El tiempo transcurrió de un modo insoportablemente lento mientras estuve encerrado en los confines de mi cabaña. O esa fue al menos mi impresión pues apenas parecieron producirse cambios en la tonalidad del firmamento que observaba a través de la ventana.
No soporté más ese encierro y decidí salir de allí en contra de lo que la decencia y el sentido común me dictaban. Recorrí la distancia que separaba mi cabaña de la orilla sin pensar en nada, sin hilvanar ningún pensamiento coherente que no tuviera relación con mis inmensas ganas de estar de nuevo con Sereia. No importaba que hubieran pasado solo unos pocos minutos, yo ya quería verla otra vez.
Solo unos pasos me separaban de mi destino cuando me detuve en seco sin poder creer por segunda vez en aquel día lo que mis ojos veían: Sereia estaba dejando resbalar mi camisa por sus hombros, dejándolos al descubierto.
¿Aún no se había desnudado ni tomado el baño que quería? ¿Tan poco tiempo había pasado? ¿Estaría comenzando a enloquecer por su causa y por ello me había enajenado al punto de perder la noción del tiempo? Ni siquiera supe cómo era capaz de pensar en un momento así pues estaba convencido de que cualquier reducto de racionalidad que pudiera quedar en mi cuerpo había desaparecido cuando la prenda dejó de cubrir su arqueada espalda.
Algún sonido debió escapar de mi garganta pues Sereia se giró en mi dirección y yo me sentí morir al ver sus pechos apenas cubiertos por sus doradas guedejas.
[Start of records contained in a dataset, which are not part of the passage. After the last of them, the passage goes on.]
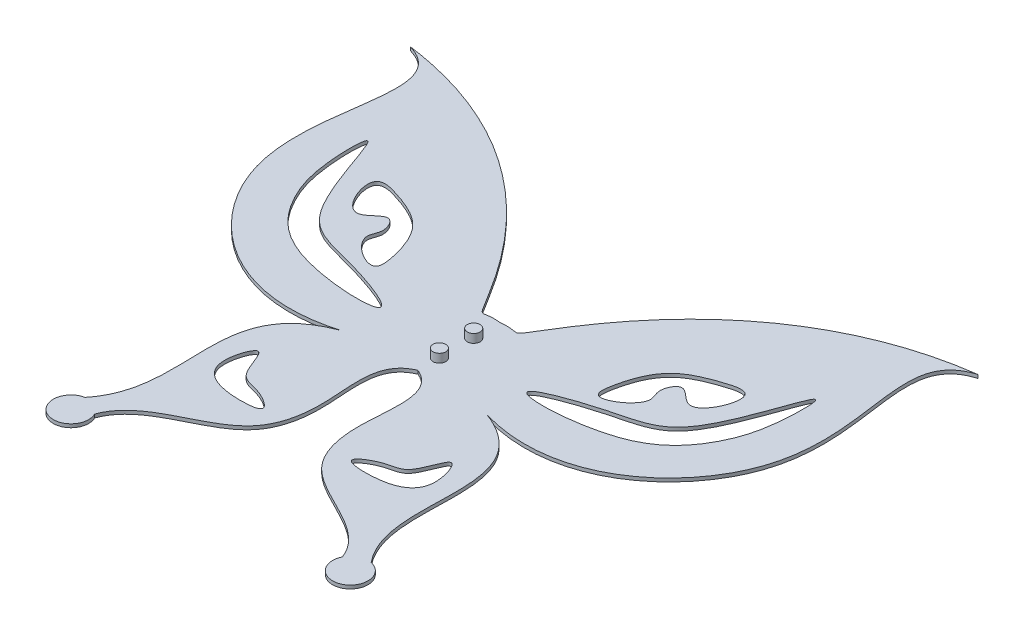
ISO-10303-21;
HEADER;
FILE_DESCRIPTION(('STEP AP214'),'2;1');
FILE_NAME('part.step','',(''),(''),'','','');
FILE_SCHEMA(('AUTOMOTIVE_DESIGN { 1 0 10303 214 1 1 1 1 }'));
ENDSEC;
DATA;
#1=APPLICATION_CONTEXT('core data for automotive mechanical design processes');
#2=APPLICATION_PROTOCOL_DEFINITION('international standard','automotive_design',2000,#1);
#3=PRODUCT_CONTEXT('',#1,'mechanical');
#4=PRODUCT('Part','Part','',(#3));
#5=PRODUCT_RELATED_PRODUCT_CATEGORY('part','',(#4));
#6=PRODUCT_DEFINITION_FORMATION('','',#4);
#7=PRODUCT_DEFINITION_CONTEXT('part definition',#1,'design');
#8=PRODUCT_DEFINITION('design','',#6,#7);
#9=PRODUCT_DEFINITION_SHAPE('','',#8);
#10=(LENGTH_UNIT() NAMED_UNIT(*) SI_UNIT(.MILLI.,.METRE.));
#11=(NAMED_UNIT(*) PLANE_ANGLE_UNIT() SI_UNIT($,.RADIAN.));
#12=(NAMED_UNIT(*) SI_UNIT($,.STERADIAN.) SOLID_ANGLE_UNIT());
#13=UNCERTAINTY_MEASURE_WITH_UNIT(LENGTH_MEASURE(1.E-05),#10,'distance_accuracy_value','');
#14=(GEOMETRIC_REPRESENTATION_CONTEXT(3) GLOBAL_UNCERTAINTY_ASSIGNED_CONTEXT((#13)) GLOBAL_UNIT_ASSIGNED_CONTEXT((#10,
#11,#12)) REPRESENTATION_CONTEXT('',''));
#15=CARTESIAN_POINT('',(0.,0.,0.));
#16=DIRECTION('',(0.,0.,1.));
#17=DIRECTION('',(1.,0.,0.));
#18=AXIS2_PLACEMENT_3D('',#15,#16,#17);
#19=CARTESIAN_POINT('',(61.2962901618316,0.8,-9.94210918208849));
#20=DIRECTION('',(0.,-1.,0.));
#21=DIRECTION('',(0.,0.,-1.));
#22=AXIS2_PLACEMENT_3D('',#19,#20,#21);
#23=PLANE('',#22);
#24=CARTESIAN_POINT('',(0.,0.8,6.21914772310618));
#25=DIRECTION('',(0.,-1.,0.));
#26=DIRECTION('',(0.,0.,-1.));
#27=AXIS2_PLACEMENT_3D('',#24,#25,#26);
#28=CIRCLE('',#27,1.5);
#29=CARTESIAN_POINT('',(0.,0.8,4.71914772310618));
#30=VERTEX_POINT('',#29);
#31=EDGE_CURVE('E45',#30,#30,#28,.F.);
#32=ORIENTED_EDGE('',*,*,#31,.F.);
#33=EDGE_LOOP('',(#32));
#34=FACE_BOUND('',#33,.T.);
#35=CARTESIAN_POINT('',(10.4184917402499,0.8,45.0127856105063));
#36=CARTESIAN_POINT('',(10.4731967023596,0.8,45.9225002865515));
#37=CARTESIAN_POINT('',(18.7591926345684,0.8,46.5456789910013));
#38=CARTESIAN_POINT('',(26.6581757542053,0.8,43.324858900846));
#39=CARTESIAN_POINT('',(22.1305801957037,0.8,30.0301863630407));
#40=CARTESIAN_POINT('',(20.1379556346862,0.8,41.588823489079));
#41=CARTESIAN_POINT('',(14.7439090964974,0.8,41.44807339908));
#42=CARTESIAN_POINT('',(10.3691204275729,0.8,44.1917667122962));
#43=CARTESIAN_POINT('',(10.4184917402499,0.8,45.0127856105063));
#44=B_SPLINE_CURVE_WITH_KNOTS('',3,(#35,#36,#37,#38,#39,#40,#41,#42,#43),.UNSPECIFIED.,.T.,.F.,
(4,1,1,1,1,1,4),(0.,0.139257971766267,0.40725852405819,0.568049583375561,0.751640500700134,
0.874319465699351,1.),.UNSPECIFIED.);
#45=CARTESIAN_POINT('',(10.4184917402499,0.8,45.0127856105063));
#46=VERTEX_POINT('',#45);
#47=EDGE_CURVE('E273',#46,#46,#44,.T.);
#48=ORIENTED_EDGE('',*,*,#47,.F.);
#49=EDGE_LOOP('',(#48));
#50=FACE_BOUND('',#49,.T.);
#51=CARTESIAN_POINT('',(25.933769110627,0.8,-0.943425663351158));
#52=CARTESIAN_POINT('',(25.5808711008807,0.8,0.647867891382443));
#53=CARTESIAN_POINT('',(24.683183655558,0.8,6.22498372191918));
#54=CARTESIAN_POINT('',(34.8980461651628,0.8,-0.397438589367131));
#55=CARTESIAN_POINT('',(31.6304568328671,0.8,-4.79265302449019));
#56=CARTESIAN_POINT('',(34.2985455775217,0.8,-10.1926891995408));
#57=CARTESIAN_POINT('',(39.9756118700505,0.8,-0.967296739636138));
#58=CARTESIAN_POINT('',(46.350131757375,0.8,-16.3519371472823));
#59=CARTESIAN_POINT('',(35.8710122478329,0.8,-13.3360121363895));
#60=CARTESIAN_POINT('',(29.1320202563256,0.8,-10.1410484816097));
#61=CARTESIAN_POINT('',(26.7718373072152,0.8,-4.72245666615253));
#62=CARTESIAN_POINT('',(25.933769110627,0.8,-0.943425663351158));
#63=B_SPLINE_CURVE_WITH_KNOTS('',3,(#51,#52,#53,#54,#55,#56,#57,#58,#59,#60,#61,#62),
.UNSPECIFIED.,.T.,.F.,(4,1,1,1,1,1,1,1,1,4),(0.,0.0695165066728017,0.220207806554272,
0.270014504929877,0.33358420358311,0.424056646815106,0.591613602391464,0.683242947624758,
0.83491101742887,1.),.UNSPECIFIED.);
#64=CARTESIAN_POINT('',(25.933769110627,0.8,-0.943425663351158));
#65=VERTEX_POINT('',#64);
#66=EDGE_CURVE('E277',#65,#65,#63,.T.);
#67=ORIENTED_EDGE('',*,*,#66,.F.);
#68=EDGE_LOOP('',(#67));
#69=FACE_BOUND('',#68,.T.);
#70=CARTESIAN_POINT('',(30.0107363245274,0.8,5.37152027865772));
#71=CARTESIAN_POINT('',(24.5947554041919,0.8,6.84436970777116));
#72=CARTESIAN_POINT('',(7.46880755753019,0.8,12.9176190069078));
#73=CARTESIAN_POINT('',(39.5648526565328,0.8,11.8300293206543));
#74=CARTESIAN_POINT('',(48.8465916491953,0.8,0.828614969039759));
#75=CARTESIAN_POINT('',(52.8096551226719,0.8,-9.47919282413836));
#76=CARTESIAN_POINT('',(53.230925245362,0.8,-31.3532958034046));
#77=CARTESIAN_POINT('',(45.900543117828,0.8,2.61786958752708));
#78=CARTESIAN_POINT('',(35.6469072048703,0.8,3.83879127063446));
#79=CARTESIAN_POINT('',(30.0107363245274,0.8,5.37152027865772));
#80=B_SPLINE_CURVE_WITH_KNOTS('',3,(#70,#71,#72,#73,#74,#75,#76,#77,#78,#79),.UNSPECIFIED.,.T.,
.F.,(4,1,1,1,1,1,1,4),(0.,0.129731757435533,0.322340195399714,0.467413737588874,
0.549712901669654,0.657094993338523,0.864993919980694,1.),.UNSPECIFIED.);
#81=CARTESIAN_POINT('',(30.0107363245274,0.8,5.37152027865772));
#82=VERTEX_POINT('',#81);
#83=EDGE_CURVE('E238',#82,#82,#80,.T.);
#84=ORIENTED_EDGE('',*,*,#83,.F.);
#85=EDGE_LOOP('',(#84));
#86=FACE_BOUND('',#85,.T.);
#87=CARTESIAN_POINT('',(17.1688459411274,0.8,20.1995104824442));
#88=CARTESIAN_POINT('',(34.2776599555108,0.8,25.1158554043101));
#89=CARTESIAN_POINT('',(51.2205741628788,0.8,15.295108955921));
#90=CARTESIAN_POINT('',(68.6229434281639,0.8,-18.0833367453675));
#91=CARTESIAN_POINT('',(51.61665154491,0.8,-40.8827044112151));
#92=CARTESIAN_POINT('',(66.1992866018102,0.8,-45.2717701922057));
#93=B_SPLINE_CURVE_WITH_KNOTS('',3,(#87,#88,#89,#90,#91,#92),.UNSPECIFIED.,.F.,.F.,(4,1,1,4),
(0.,0.326589010947708,0.403462906384856,0.981175092276255),.UNSPECIFIED.);
#94=CARTESIAN_POINT('',(17.1688459411274,0.8,20.1995104824442));
#95=VERTEX_POINT('',#94);
#96=CARTESIAN_POINT('',(66.1992866018102,0.8,-45.2717701922057));
#97=VERTEX_POINT('',#96);
#98=EDGE_CURVE('E222',#95,#97,#93,.T.);
#99=ORIENTED_EDGE('',*,*,#98,.T.);
#100=CARTESIAN_POINT('',(66.1992866018102,0.8,-45.2717701922057));
#101=CARTESIAN_POINT('',(25.1887693174494,0.8,-39.7600528242461));
#102=CARTESIAN_POINT('',(2.82114618729625,0.8,5.28859220762271));
#103=CARTESIAN_POINT('',(3.97507803744081,0.8,-0.462704260412762));
#104=CARTESIAN_POINT('',(0.,0.8,0.));
#105=B_SPLINE_CURVE_WITH_KNOTS('',3,(#100,#101,#102,#103,#104),.UNSPECIFIED.,.F.,.F.,(4,1,4),
(0.,0.746463145969101,1.),.UNSPECIFIED.);
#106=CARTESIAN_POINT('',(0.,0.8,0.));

La brisa marina provocó que parte de su cabello terminara ocultando su boca privándome de la visión de sus apetitosos labios.
Nuestras miradas conectaron mientras ella apartaba los mechones de su rostro al tiempo que dejaba caer finalmente la camisa sobre la arena, quedando expuesto por completo para mí ese cuerpo de inefable belleza, de una hermosura que no podía ser descrita con palabras.
No fui capaz ni de tragar saliva ante esa visión, mucho menos cuando Sereia humedeció sus labios y los entreabrió para pronunciar una palabra que en mi mente retumbó como un eco infinito en una profunda caverna: «Ven»
Y eso hice. Fui hacia ella hasta que únicamente quedó entre nosotros la distancia de un suspiro.
No hicieron falta más palabras, ni por su parte ni por la mía; no fue necesario que nuestras bocas hablaran pues ya lo hacían nuestras miradas cargadas de pasión.